Data Integration in Systems Biology: Characterization of Biological Phenomena from Structural and Functional Information
One of the most challenging research problem of System Biology nowadays is the inference (or reverse-engineering) of gene regulatory networks (GRNs) from expression profiles. This research issue became important after the development of high-throughput technologies for extraction of gene expressions, such as DNA microarrays or SAGE, and more recently RNA-Seq.
This problem regards on discover regulatory relationships between biological molecules in order to recover a complex network of interrelationships, which can reveal/describe not only diverse biological functions but also the dynamics of molecular activities. It is very important to understand how many biological processes happen and in most cases, how to prevent it from happening (diseases).
In the context of expression profiles, a big challenge that researchers need to face is the large number of variables or genes (thousands) for just a few experiments available (dozens).

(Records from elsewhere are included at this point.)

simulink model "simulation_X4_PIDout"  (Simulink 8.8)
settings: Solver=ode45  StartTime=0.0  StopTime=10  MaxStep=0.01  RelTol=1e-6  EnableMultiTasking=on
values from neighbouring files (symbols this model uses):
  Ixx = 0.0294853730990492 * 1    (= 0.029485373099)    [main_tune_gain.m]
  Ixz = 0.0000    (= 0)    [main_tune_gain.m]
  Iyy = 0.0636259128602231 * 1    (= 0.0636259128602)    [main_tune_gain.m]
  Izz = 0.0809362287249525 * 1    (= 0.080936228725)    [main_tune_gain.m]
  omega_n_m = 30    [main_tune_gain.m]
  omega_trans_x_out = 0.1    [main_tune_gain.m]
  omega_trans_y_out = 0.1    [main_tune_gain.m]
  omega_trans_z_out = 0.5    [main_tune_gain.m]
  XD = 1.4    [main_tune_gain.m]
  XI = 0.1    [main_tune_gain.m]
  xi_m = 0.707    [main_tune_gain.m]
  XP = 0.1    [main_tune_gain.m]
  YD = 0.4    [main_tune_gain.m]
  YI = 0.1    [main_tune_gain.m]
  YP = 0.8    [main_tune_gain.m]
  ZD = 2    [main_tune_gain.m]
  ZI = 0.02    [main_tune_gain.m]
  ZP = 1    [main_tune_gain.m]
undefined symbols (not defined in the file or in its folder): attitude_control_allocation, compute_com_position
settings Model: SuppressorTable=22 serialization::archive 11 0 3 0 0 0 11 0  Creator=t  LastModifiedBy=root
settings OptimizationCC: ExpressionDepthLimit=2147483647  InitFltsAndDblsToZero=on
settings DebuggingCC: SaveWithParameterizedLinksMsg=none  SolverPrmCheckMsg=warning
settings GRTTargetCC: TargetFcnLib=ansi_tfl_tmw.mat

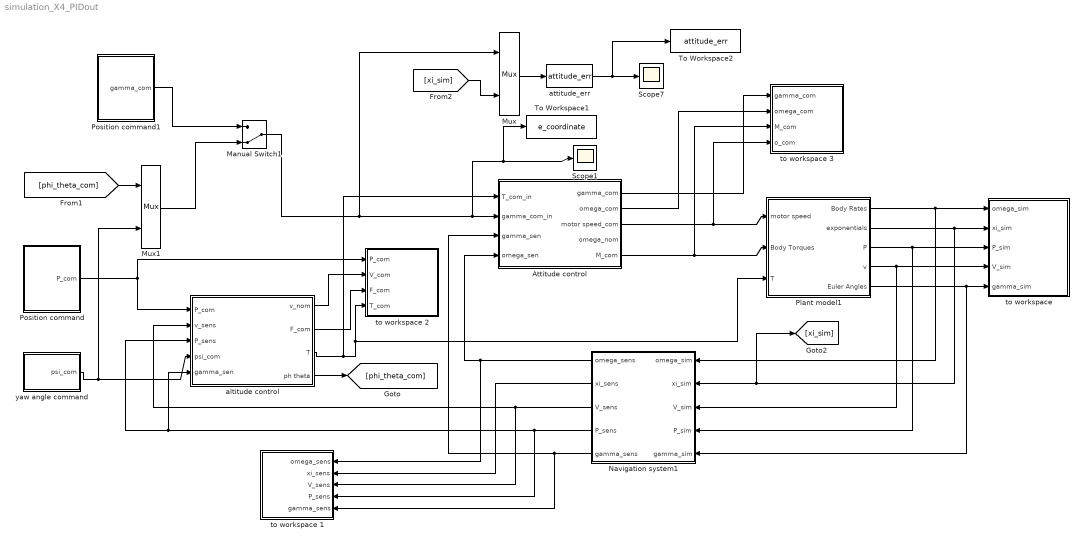
== system simulation_X4_PIDout ==
  Attitude control : Subsystem
  Manual Switch1 : ManualSwitch  CurrentSetting=0
  Mux : Mux  Inputs=2
  Mux1 : Mux  Inputs=2
  Navigation system1 : Subsystem
  Plant model1 : Subsystem
  Position command : Subsystem
  Position command1 : Subsystem
  Scope1 : Scope
  Scope7 : Scope
  To Workspace1 : ToWorkspace  VariableName=e_coordinate  SampleTime=-1
  To Workspace2 : ToWorkspace  VariableName=attitude_err  SampleTime=-1
  altitude control : Subsystem
  attitude_err : MATLABFcn  MATLABFcn=attitude_err
  to workspace : Subsystem
      settings: AttributesFormatString=%<AncestorBlock>
  to workspace 1 : Subsystem
      settings: AttributesFormatString=%<AncestorBlock>
  to workspace 2 : Subsystem
      settings: AttributesFormatString=%<AncestorBlock>
  to workspace 3 : Subsystem
      settings: AttributesFormatString=%<AncestorBlock>
  yaw angle command : Subsystem
  wires:
  Attitude control/3(motor speed_com) -> Plant model1/1(motor speed), to workspace 3/4(o_com)
  Navigation system1/1(omega_sens) -> Attitude control/4(omega_sen), to workspace 1/1(omega_sens)
  Navigation system1/2(xi_sens) -> to workspace 1/2(xi_sens)
  Navigation system1/3(V_sens) -> to workspace 1/3(V_sens), altitude control/2(v_sens)
  Navigation system1/4(P_sens) -> to workspace 1/4(P_sens), altitude control/3(P_sens), altitude control/5(gamma_sen)
  Attitude control/1(gamma_com) -> to workspace 3/1(gamma_com)
  Attitude control/2(omega_com) -> to workspace 3/2(omega_com)
  Attitude control/5(M_com) -> to workspace 3/3(M_com), Plant model1/2(Body Torques)
  Position command/1(P_com) -> altitude control/1(P_com), to workspace 2/1(P_com)
  Plant model1/1(Body Rates) -> to workspace/1(omega_sim), Navigation system1/1(omega_sim)
  Plant model1/2(exponentials) -> to workspace/2(xi_sim), Navigation system1/2(xi_sim), [xi_sim]
  Mux/1 -> attitude_err/1
  attitude_err/1 -> Scope7/1, To Workspace2/1
  altitude control/1(v_nom) -> to workspace 2/2(V_com)
  yaw angle command/1(psi_com) -> Mux1/2, altitude control/4(psi_com)
  Plant model1/3(P) -> to workspace/3(P_sim), Navigation system1/4(P_sim)
  Plant model1/4(v) -> to workspace/4(V_sim), Navigation system1/3(V_sim)
  Plant model1/5(Euler Angles) -> to workspace/5(gamma_sim), Navigation system1/5(gamma_sim)
  Navigation system1/5(gamma_sens) -> to workspace 1/5(gamma_sens), Attitude control/3(gamma_sen)
  [xi_sim] -> Mux/2
  altitude control/2(F_com) -> to workspace 2/3(F_com)
  altitude control/4(ph theta) -> [phi_theta_com]
  [phi_theta_com] -> Mux1/1
  altitude control/3(T) -> Plant model1/3(T), to workspace 2/4(T_com), Attitude control/1(T_com_in)
  Position command1/1(gamma_com) -> Manual Switch1/1
  Manual Switch1/1 -> Attitude control/2(gamma_com_in), Scope1/1, To Workspace1/1, Mux/1
  Mux1/1 -> Manual Switch1/2

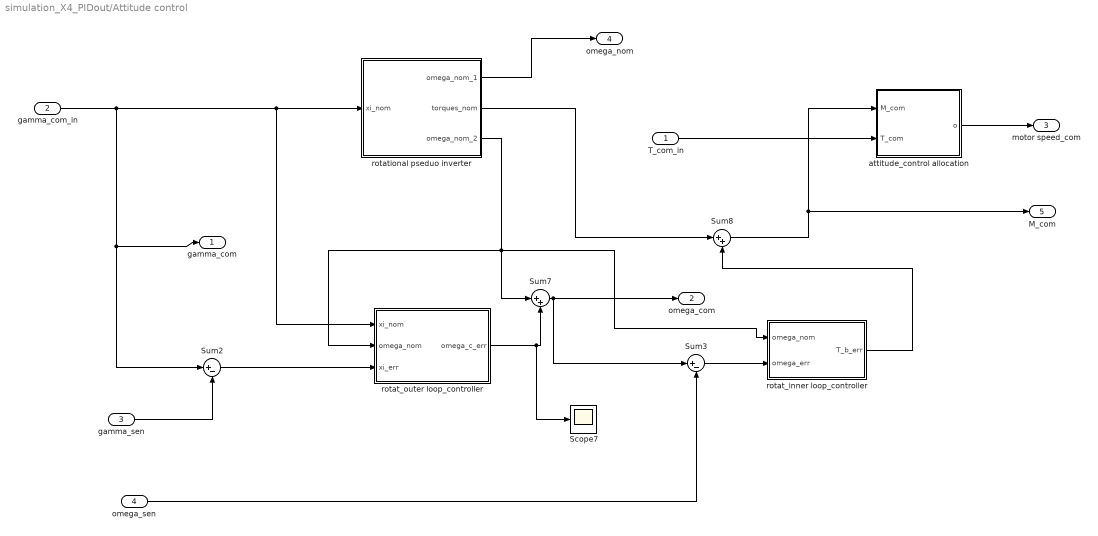
== system simulation_X4_PIDout/Attitude control ==
  T_com_in : Inport
  gamma_com_in : Inport  Port=2
  gamma_sen : Inport  Port=3
  omega_sen : Inport  Port=4
  Scope7 : Scope
  Sum2 : Sum  Inputs=|+-
  Sum3 : Sum  Inputs=|+-
  Sum7 : Sum  Inputs=|++
  Sum8 : Sum  Inputs=|++
  attitude_control allocation : Subsystem
  rotat_inner loop_controller : Subsystem
  rotat_outer loop_controller : Subsystem
  rotational pseduo inverter : Subsystem
  gamma_com : Outport
  omega_com : Outport  Port=2
  motor speed_com : Outport  Port=3
  omega_nom : Outport  Port=4
  M_com : Outport  Port=5
  wires:
  gamma_com_in/1 -> rotational pseduo inverter/1(xi_nom), rotat_outer loop_controller/1(xi_nom), Sum2/1, gamma_com/1
  Sum2/1 -> rotat_outer loop_controller/3(xi_err)
  rotational pseduo inverter/3(omega_nom_2) -> Sum7/1, rotat_outer loop_controller/2(omega_nom), rotat_inner loop_controller/1(omega_nom)
  Sum7/1 -> Sum3/1, omega_com/1
  Sum3/1 -> rotat_inner loop_controller/2(omega_err)
  rotational pseduo inverter/2(torques_nom) -> Sum8/1
  Sum8/1 -> attitude_control allocation/1(M_com), M_com/1
  gamma_sen/1 -> Sum2/2
  omega_sen/1 -> Sum3/2
  rotat_inner loop_controller/1(T_b_err) -> Sum8/2
  rotational pseduo inverter/1(omega_nom_1) -> omega_nom/1
  attitude_control allocation/1(o) -> motor speed_com/1
  T_com_in/1 -> attitude_control allocation/2(T_com)
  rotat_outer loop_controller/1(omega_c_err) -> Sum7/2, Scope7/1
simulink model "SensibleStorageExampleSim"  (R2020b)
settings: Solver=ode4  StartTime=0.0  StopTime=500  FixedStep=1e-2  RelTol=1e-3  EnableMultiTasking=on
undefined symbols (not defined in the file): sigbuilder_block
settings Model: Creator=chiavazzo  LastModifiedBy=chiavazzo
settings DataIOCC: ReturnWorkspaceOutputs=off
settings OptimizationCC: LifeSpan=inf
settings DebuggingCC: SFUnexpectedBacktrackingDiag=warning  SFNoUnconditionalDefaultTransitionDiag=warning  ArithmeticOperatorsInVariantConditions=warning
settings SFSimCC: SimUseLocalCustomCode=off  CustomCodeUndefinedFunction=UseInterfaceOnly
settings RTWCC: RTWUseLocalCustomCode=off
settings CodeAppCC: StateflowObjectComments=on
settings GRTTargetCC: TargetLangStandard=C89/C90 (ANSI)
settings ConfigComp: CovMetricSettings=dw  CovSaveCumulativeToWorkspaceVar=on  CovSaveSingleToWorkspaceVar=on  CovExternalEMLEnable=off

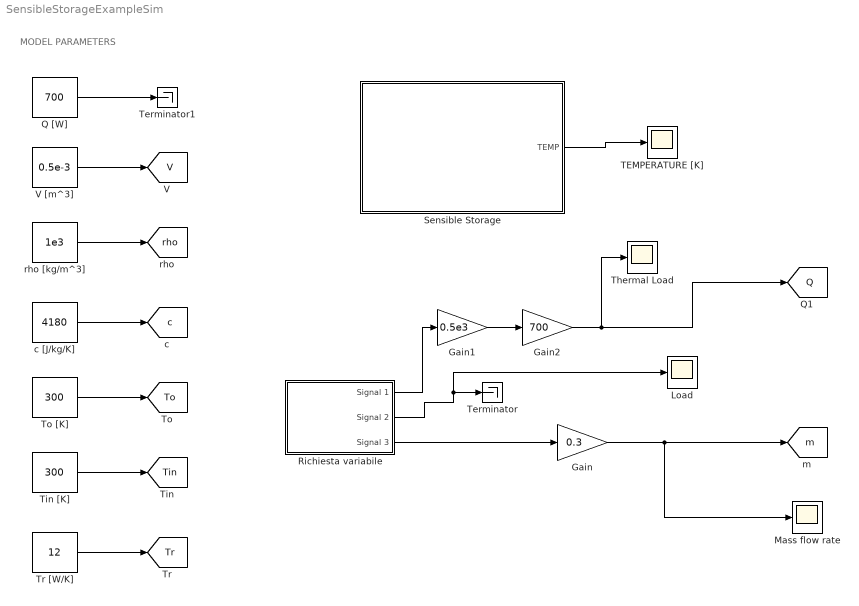
== system SensibleStorageExampleSim ==
  note: MODEL PARAMETERS
  Gain : Gain  Gain=0.3
  Gain1 : Gain  Gain=0.5e3
  Gain2 : Gain  Gain=700
  Load : Scope
  Mass flow rate : Scope
  Q [W] : Constant  Value=700
  Richiesta variabile : Subsystem  Tag=STV Subsys  LoadFcn=sigbuilder_block('load');  StartFcn=sigbuilder_block('start');  StopFcn=sigbuilder_block('stop');  ClipboardFcn=sigbuilder_block('clipboard');  mask(Sigbuilder block){tuvar=[0:10]}
      mask help: Simulink:masks:SigbuilderBlock_MD
      mask init:
      | if ~strcmp(get_param(bdroot(gcbh),'SimulationStatus'),'stopped') tuvar = sigbuilder_block('maskInit'); end
      settings: CopyFcn=sigbuilder_block('copy');  DeleteFcn=sigbuilder_block('delete');  ModelCloseFcn=sigbuilder_block('modelClose');  PreSaveFcn=sigbuilder_block('preSave');  PauseFcn=sigbuilder_block('pause');  ContinueFcn=sigbuilder_block('continue');  NameChangeFcn=sigbuilder_block('namechange');  OpenFcn=sigbuilder_block('open',[127.5 52 736 384 ]);  CloseFcn=sigbuilder_block('close');
      mask Display: plot(0, 0, 100, 100,[2, 2, 32, 32, 2], [68, 8, 8, 68, 68],[32, 2], [38, 38], [32, 19, 2],[53, 60, 44], [32, 17, 17, 2],[16, 16, 31, 31]);txt = getActiveGroup(gcbh);text(2, 100, txt,'verticalAlignment', 'top');
  Sensible Storage : Subsystem
  TEMPERATURE [K] : Scope
  Terminator : Terminator
  Terminator1 : Terminator
  Thermal Load : Scope
  Tin [K] : Constant  Value=300
  To [K] : Constant  Value=300
  Tr [W/K] : Constant  Value=12
  V [m^3] : Constant  Value=0.5e-3
  c [J/kg/K] : Constant  Value=4180
  rho [kg/m^3] : Constant  Value=1e3
  tag scope: Q=global, Tin=global, To=global, Tr=global, V=global, c=global, m=global, rho=global
  wires:
  V [m^3]/1 -> [V]
  rho [kg/m^3]/1 -> [rho]
  c [J/kg/K]/1 -> [c]
  To [K]/1 -> [To]
  Tin [K]/1 -> [Tin]
  Tr [W/K]/1 -> [Tr]
  Richiesta variabile/3(Signal 3) -> Gain/1
  Richiesta variabile/2(Signal 2) -> Load/1, Terminator/1
  Richiesta variabile/1(Signal 1) -> Gain1/1
  Sensible Storage/1(TEMP) -> TEMPERATURE [K]/1
  Gain/1 -> Mass flow rate/1, [m]
  Gain1/1 -> Gain2/1
  Gain2/1 -> Thermal Load/1, [Q]
  Q [W]/1 -> Terminator1/1

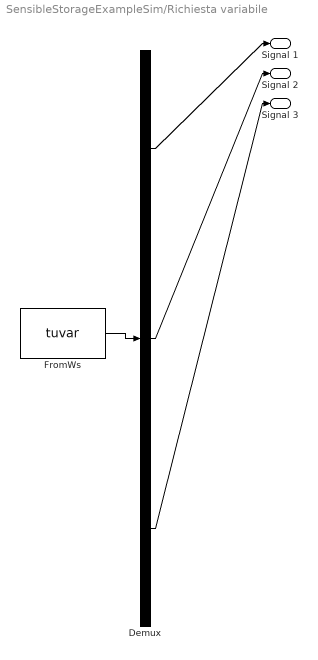
== system SensibleStorageExampleSim/Richiesta variabile ==
  Demux : Demux  Tag=STV Demux  Outputs=3
      settings: DisplayOption=none
  FromWs : FromWorkspace  Tag=STV FromWs  VariableName=tuvar
      SigBuilderData=|
      | common.afterFinalStr = 'Extrapolate'
      | common.sampleTime = 0
      | dataSet.timeRange = [0 500]
      | dataSet.name = 'Group 1'
      | sbobj.Groups.Name = 'Group 1'
      | sbobj.Groups.Signals(1).Name = 'Signal 1'
      | sbobj.Groups.Signals(1).XData = [0 10 10 20 20 30 30 40 40 50 50 60 60 70 70 80 80 90 90 100 100 110 110 120 120 130 130 140 140 150 150 160 160 170 170 180 180 190 190 200 200 210 210 220 220 230 230 240 240 250 250 260 260 270 270 280 280 290 290 300 300 310 310 320 320 330 330 340 340 350 350 360 360 370 370 380 380 390 390 400 400 410 410 420 420 430 430 440 440 450 450 460 460 470 470 480 480 490 490 500]
      | sbobj.Groups.Signals(1).YData = [0.002 0.002 0 0 0.002 0.002 0 0 0.002 0.002 0 0 0.002 0.002 0 0 0.002 0.002 0 0 0.002 0.002 0 0 0.002 0.002 0 0 0.002 0.002 0 0 0.002 0.002 0 0 0.002 0.002 0 0 0.002 0.002 0 0 0.002 0.002 0 0 0.002 0.002 0 0 0.002 0.002 0 0 0.002 0.002 0 0 0.002 0.002 0 0 0.002 0.002 0 0 0.002 0.002 0 0 0.002 0.002 0 0 0.002 0.002 0 0 0.002 0.002 0 0 0.002 0.002 0 0 0.002 0.002 0 0 0.002 0.002 0 0 0.002 0.002 0 0]
      | sbobj.Groups.Signals(2).Name = 'Signal 2'
      | sbobj.Groups.Signals(2).XData = [0 500]
      | sbobj.Groups.Signals(2).YData = [0 0]
      | sbobj.Groups.Signals(3).Name = 'Signal 3'
      | sbobj.Groups.Signals(3).XData = [0 50 50 100 100 150 150 200 200 250 250 300 300 350 350 400 400 450 450 500]
      | sbobj.Groups.Signals(3).YData = [0 0.08 0 0.08 0 0.08 0 0.08 0 0.08 0 0.08 0 0.08 0 0.08 0 0.08 0 0.08]
      | sbobj.Groups.TimeRange = [0 500]
  Signal 1 : Outport  Tag=STV Outport
  Signal 2 : Outport  Tag=STV Outport  Port=2
  Signal 3 : Outport  Tag=STV Outport  Port=3
  wires:
  FromWs/1 -> Demux/1
  Demux/1 -> Signal 1/1
  Demux/2 -> Signal 2/1
  Demux/3 -> Signal 3/1

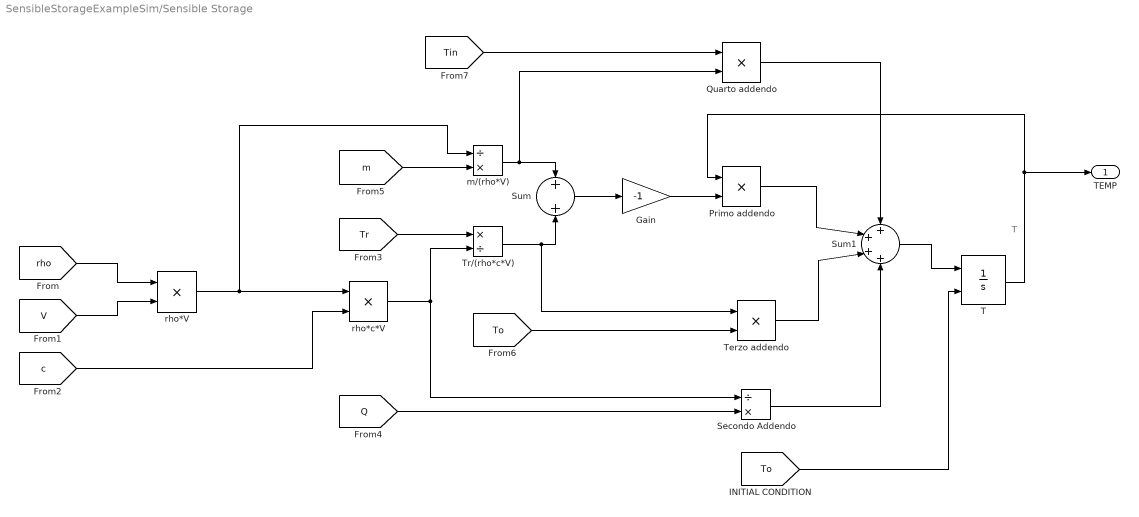
== system SensibleStorageExampleSim/Sensible Storage ==
  note: T
  Gain : Gain  Gain=-1
  Primo addendo : Product
  Quarto addendo : Product
  Secondo Addendo : Product  Inputs=/*
  Sum : Sum
  Sum1 : Sum  Inputs=4
  T : Integrator  InitialConditionSource=external
  Terzo addendo : Product
  Tr/(rho*c*V) : Product  Inputs=*/
  m/(rho*V) : Product  Inputs=/*
  rho*V : Product
  rho*c*V : Product
  TEMP : Outport
  wires:
  rho*V/1 -> m/(rho*V)/1, rho*c*V/1
  Secondo Addendo/1 -> Sum1/4
  [Q] -> Secondo Addendo/2
  [c] -> rho*c*V/2
  Tr/(rho*c*V)/1 -> Terzo addendo/1, Sum/2
  rho*c*V/1 -> Secondo Addendo/1, Tr/(rho*c*V)/2
  [Tr] -> Tr/(rho*c*V)/1
  [To] -> Terzo addendo/2
  Quarto addendo/1 -> Sum1/1
  [Tin] -> Quarto addendo/1
  [V] -> rho*V/2
  Sum/1 -> Gain/1
  Primo addendo/1 -> Sum1/2
  Gain/1 -> Primo addendo/2
  Terzo addendo/1 -> Sum1/3
  [rho] -> rho*V/1
  Sum1/1 -> T/1
  [To] -> T/2
  T/1 -> TEMP/1, Primo addendo/1
  m/(rho*V)/1 -> Sum/1, Quarto addendo/2
  [m] -> m/(rho*V)/2

In order to infer relationships among those variables, it is needed a great effort in developing novel computational and statistical techniques that are able to alleviate the intrinsic error estimation committed in the presence of small number of samples with huge dimensionalities.
In general, it is not possible to recover the GRNs very accurately. The main reasons for this are the lack information about the biological organism, the high complexity of the networks and the intrinsic noise of the expression measurements. Thus, infer, analyze and compare the interrelationship between genes with precision, generating Gene Regulatory Networks (GRNs) is an open research problem.